# Horse meat found in hamburgers



## Liver and Onions (Nov 24, 2000)

http://www.cnn.com/2013/01/16/world/europe/ireland-britain-horses-burgers/index.html?iref=allsearch

Why should dogs get all the good cuts ?

L & O


----------



## ESOX (Nov 20, 2000)

If you saw that crap they sell as meat over there you wouldn't be surprised. The most common meat is "Bangers" sausages made from god only knows what and served in every way imaginable.


----------



## Liver and Onions (Nov 24, 2000)

ESOX said:


> If you saw that crap they sell as meat over there you wouldn't be surprised.
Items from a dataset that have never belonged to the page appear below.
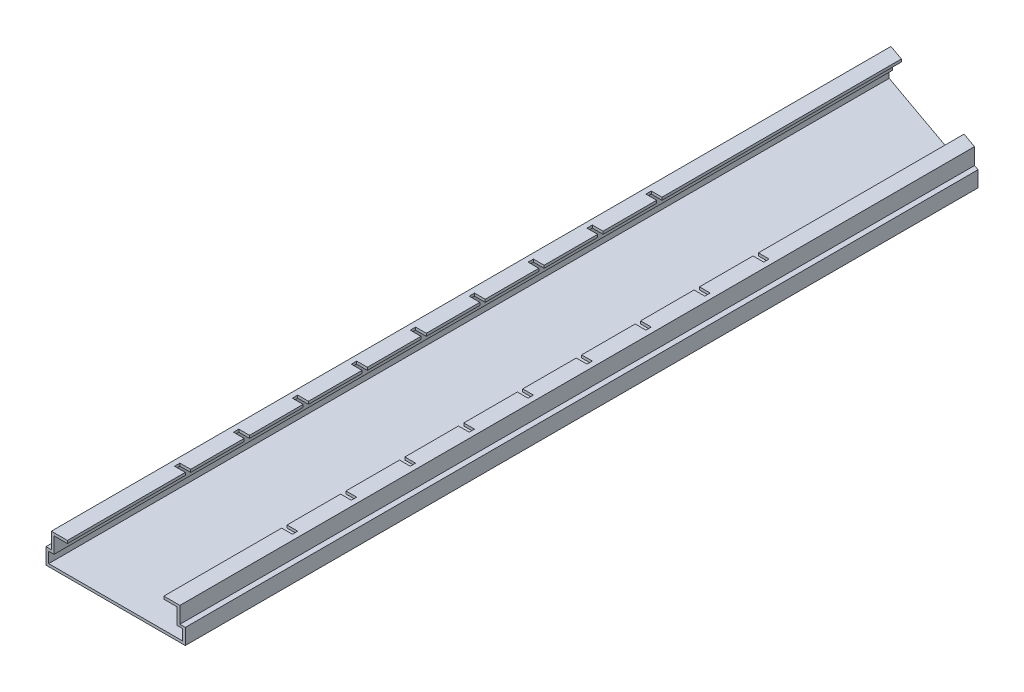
from build123d import *

# Parameters (mm, degrees)
BOSS_EXTRU_1_DEPTH      = 0.5
BOSS_EXTRU_2_REACH      = 159.638
BOSS_EXTRU_3_REACH      = 159.751
ENL_V_MAT_EXTRU_1_REACH = 159.751
ESQUISSE4_W             = 2
ESQUISSE4_H             = 1


with BuildPart() as part:
    # Esquisse1 → Boss.-Extru.1 (new body)
    with BuildSketch(Plane(origin=(0, 0, 0), x_dir=(1, 0, 0), z_dir=(0, 1, 0))):
        Polygon((13, 0), (13, 148), (-13, 157.1), (-13, 0), align=None)
    extrude(amount=BOSS_EXTRU_1_DEPTH)

    # Boss.-Extru.2: up to this plane
    boss_extru_2_end = Plane(origin=(47.565701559, 0.5, -135.902004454), z_dir=(0.330350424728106, 0, -0.9438583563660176))
    # Esquisse3 → Boss.-Extru.2 (add, up to the surface)
    with BuildSketch(Plane.XY, mode=Mode.PRIVATE) as boss_extru_2_sk1:
        Polygon((12, 6), (9, 6), (9, 5.5), (11.5, 5.5), (11.5, 2.5), (12.5, 2.5), (12.5, 0.5), (13, 0.5), (13, 2.939399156), (12, 2.939399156), (12, 3), align=None)
    boss_extru_2_tool1 = split(extrude(boss_extru_2_sk1.sketch, amount=-BOSS_EXTRU_2_REACH, mode=Mode.PRIVATE), bisect_by=boss_extru_2_end, keep=Keep.BOTH, mode=Mode.PRIVATE)
    add(boss_extru_2_tool1.solids().sort_by_distance((11.627134, 3.901436, 0))[0])

    # Boss.-Extru.3: up to this plane
    boss_extru_3_end = Plane(origin=(47.565701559, 0.5, -135.902004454), z_dir=(0.330350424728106, 0, -0.9438583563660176))
    # Esquisse5 → Boss.-Extru.3 (add, up to the surface)
    with BuildSketch(Plane.XY, mode=Mode.PRIVATE) as boss_extru_3_sk1:
        Polygon((-9, 6), (-12, 6), (-12, 3), (-13, 3), (-13, 0.5), (-12.5, 0.5), (-12.5, 2.5), (-11.5, 2.5), (-11.5, 5.5), (-9, 5.5), align=None)
    boss_extru_3_tool1 = split(extrude(boss_extru_3_sk1.sketch, amount=-BOSS_EXTRU_3_REACH, mode=Mode.PRIVATE), bisect_by=boss_extru_3_end, keep=Keep.BOTH, mode=Mode.PRIVATE)
    add(boss_extru_3_tool1.solids().sort_by_distance((-11.638889, 3.888889, 0))[0])

    # Esquisse4 → Enl_v. mat.-Extru.1 (cut, up to next)
    with BuildSketch(Plane(origin=(0, 6, 0), x_dir=(1, 0, 0), z_dir=(0, 1, 0)), mode=Mode.PRIVATE) as enl_v_mat_extru_1_sk1:
        with Locations((-10, 33.5)):
            Rectangle(ESQUISSE4_W, ESQUISSE4_H)
    enl_v_mat_extru_1_tool1 = extrude(enl_v_mat_extru_1_sk1.sketch, amount=-ENL_V_MAT_EXTRU_1_REACH, mode=Mode.PRIVATE) & part.part
    # Esquisse4 → Enl_v. mat.-Extru.1 (cut, up to next)
    with BuildSketch(Plane(origin=(0, 6, 0), x_dir=(1, 0, 0), z_dir=(0, 1, 0)), mode=Mode.PRIVATE) as enl_v_mat_extru_1_sk2:
        with Locations((-10, 22.5)):
            Rectangle(ESQUISSE4_W, ESQUISSE4_H)
    enl_v_mat_extru_1_tool2 = extrude(enl_v_mat_extru_1_sk2.sketch, amount=-ENL_V_MAT_EXTRU_1_REACH, mode=Mode.PRIVATE) & part.part
    # Esquisse4 → Enl_v. mat.-Extru.1 (cut, up to next)
    with BuildSketch(Plane(origin=(0, 6, 0), x_dir=(1, 0, 0), z_dir=(0, 1, 0)), mode=Mode.PRIVATE) as enl_v_mat_extru_1_sk3:
        with Locations((-10, 44.5)):
            Rectangle(ESQUISSE4_W, ESQUISSE4_H)
    enl_v_mat_extru_1_tool3 = extrude(enl_v_mat_extru_1_sk3.sketch, amount=-ENL_V_MAT_EXTRU_1_REACH, mode=Mode.PRIVATE) & part.part
    # Esquisse4 → Enl_v. mat.-Extru.1 (cut, up to next)
    with BuildSketch(Plane(origin=(0, 6, 0), x_dir=(1, 0, 0), z_dir=(0, 1, 0)), mode=Mode.PRIVATE) as enl_v_mat_extru_1_sk4:
        with Locations((-10, 55.5)):
            Rectangle(ESQUISSE4_W, ESQUISSE4_H)
    enl_v_mat_extru_1_tool4 = extrude(enl_v_mat_extru_1_sk4.sketch, amount=-ENL_V_MAT_EXTRU_1_REACH, mode=Mode.PRIVATE) & part.part
    # Esquisse4 → Enl_v. mat.-Extru.1 (cut, up to next)
    with BuildSketch(Plane(origin=(0, 6, 0), x_dir=(1, 0, 0), z_dir=(0, 1, 0)), mode=Mode.PRIVATE) as enl_v_mat_extru_1_sk5:
        with Locations((-10, 66.5)):
            Rectangle(ESQUISSE4_W, ESQUISSE4_H)
    enl_v_mat_extru_1_tool5 = extrude(enl_v_mat_extru_1_sk5.sketch, amount=-ENL_V_MAT_EXTRU_1_REACH, mode=Mode.PRIVATE) & part.part
    # Esquisse4 → Enl_v. mat.-Extru.1 (cut, up to next)
    with BuildSketch(Plane(origin=(0, 6, 0), x_dir=(1, 0, 0), z_dir=(0, 1, 0)), mode=Mode.PRIVATE) as enl_v_mat_extru_1_sk6:
        with Locations((-10, 77.5)):
            Rectangle(ESQUISSE4_W, ESQUISSE4_H)
    enl_v_mat_extru_1_tool6 = extrude(enl_v_mat_extru_1_sk6.sketch, amount=-ENL_V_MAT_EXTRU_1_REACH, mode=Mode.PRIVATE) & part.part
    # Esquisse4 → Enl_v. mat.-Extru.1 (cut, up to next)
    with BuildSketch(Plane(origin=(0, 6, 0), x_dir=(1, 0, 0), z_dir=(0, 1, 0)), mode=Mode.PRIVATE) as enl_v_mat_extru_1_sk7:
        with Locations((-10, 110.5)):
            Rectangle(ESQUISSE4_W, ESQUISSE4_H)
    enl_v_mat_extru_1_tool7 = extrude(enl_v_mat_extru_1_sk7.sketch, amount=-ENL_V_MAT_EXTRU_1_REACH, mode=Mode.PRIVATE) & part.part
    # Esquisse4 → Enl_v. mat.-Extru.1 (cut, up to next)
    with BuildSketch(Plane(origin=(0, 6, 0), x_dir=(1, 0, 0), z_dir=(0, 1, 0)), mode=Mode.PRIVATE) as enl_v_mat_extru_1_sk8:
        with Locations((-10, 88.5)):
            Rectangle(ESQUISSE4_W, ESQUISSE4_H)
    enl_v_mat_extru_1_tool8 = extrude(enl_v_mat_extru_1_sk8.sketch, amount=-ENL_V_MAT_EXTRU_1_REACH, mode=Mode.PRIVATE) & part.part
    # Esquisse4 → Enl_v. mat.-Extru.1 (cut, up to next)
    with BuildSketch(Plane(origin=(0, 6, 0), x_dir=(1, 0, 0), z_dir=(0, 1, 0)), mode=Mode.PRIVATE) as enl_v_mat_extru_1_sk9:
        with Locations((-10, 99.5)):
            Rectangle(ESQUISSE4_W, ESQUISSE4_H)
    enl_v_mat_extru_1_tool9 = extrude(enl_v_mat_extru_1_sk9.sketch, amount=-ENL_V_MAT_EXTRU_1_REACH, mode=Mode.PRIVATE) & part.part
    enl_v_mat_extru_1_1 = enl_v_mat_extru_1_tool1.solids().sort_by_distance((-10, 6, -33.5))[0]
    add(enl_v_mat_extru_1_1, mode=Mode.SUBTRACT)
    enl_v_mat_extru_1_2 = enl_v_mat_extru_1_tool2.solids().sort_by_distance((-10, 6, -22.5))[0]
    add(enl_v_mat_extru_1_2, mode=Mode.SUBTRACT)
    enl_v_mat_extru_1_3 = enl_v_mat_extru_1_tool3.solids().sort_by_distance((-10, 6, -44.5))[0]
    add(enl_v_mat_extru_1_3, mode=Mode.SUBTRACT)
    enl_v_mat_extru_1_4 = enl_v_mat_extru_1_tool4.solids().sort_by_distance((-10, 6, -55.5))[0]
    add(enl_v_mat_extru_1_4, mode=Mode.SUBTRACT)
    enl_v_mat_extru_1_5 = enl_v_mat_extru_1_tool5.solids().sort_by_distance((-10, 6, -66.5))[0]
    add(enl_v_mat_extru_1_5, mode=Mode.SUBTRACT)
    enl_v_mat_extru_1_6 = enl_v_mat_extru_1_tool6.solids().sort_by_distance((-10, 6, -77.5))[0]
    add(enl_v_mat_extru_1_6, mode=Mode.SUBTRACT)
    enl_v_mat_extru_1_7 = enl_v_mat_extru_1_tool7.solids().sort_by_distance((-10, 6, -110.5))[0]
    add(enl_v_mat_extru_1_7, mode=Mode.SUBTRACT)
    enl_v_mat_extru_1_8 = enl_v_mat_extru_1_tool8.solids().sort_by_distance((-10, 6, -88.5))[0]
    add(enl_v_mat_extru_1_8, mode=Mode.SUBTRACT)
    enl_v_mat_extru_1_9 = enl_v_mat_extru_1_tool9.solids().sort_by_distance((-10, 6, -99.5))[0]
    add(enl_v_mat_extru_1_9, mode=Mode.SUBTRACT)
    enl_v_mat_extru_1 = enl_v_mat_extru_1_1 + enl_v_mat_extru_1_2 + enl_v_mat_extru_1_3 + enl_v_mat_extru_1_4 + enl_v_mat_extru_1_5 + enl_v_mat_extru_1_6 + enl_v_mat_extru_1_7 + enl_v_mat_extru_1_8 + enl_v_mat_extru_1_9  # Enl_v. mat.-Extru.1 as one shape, for the pattern or mirror that repeats it

    # Sym_trie1: Enl_v. mat.-Extru.1 across plane
    add(enl_v_mat_extru_1.mirror(Plane(origin=(0, 0, 0), x_dir=(0, 0, 1), z_dir=(1, 0, 0))), mode=Mode.SUBTRACT)


solid = part.part

The most common meat is "Bangers" sausages made from god only knows what and served in every way imaginable.


Are the USDA rules ready that much different for sausage, bologna, & hot dogs ?
I'm not sure how the horse meat got mixed into regular hamburgers........perhaps horse meat is also sold there and labeled as such for anyone wanting a little "giddy-up" in their meat products ??
I remember about 25 years ago there was short experiment with selling horse meat for our use here. Some might remember the Galloping Gourmet and the segment he did prepare horse meat for the table.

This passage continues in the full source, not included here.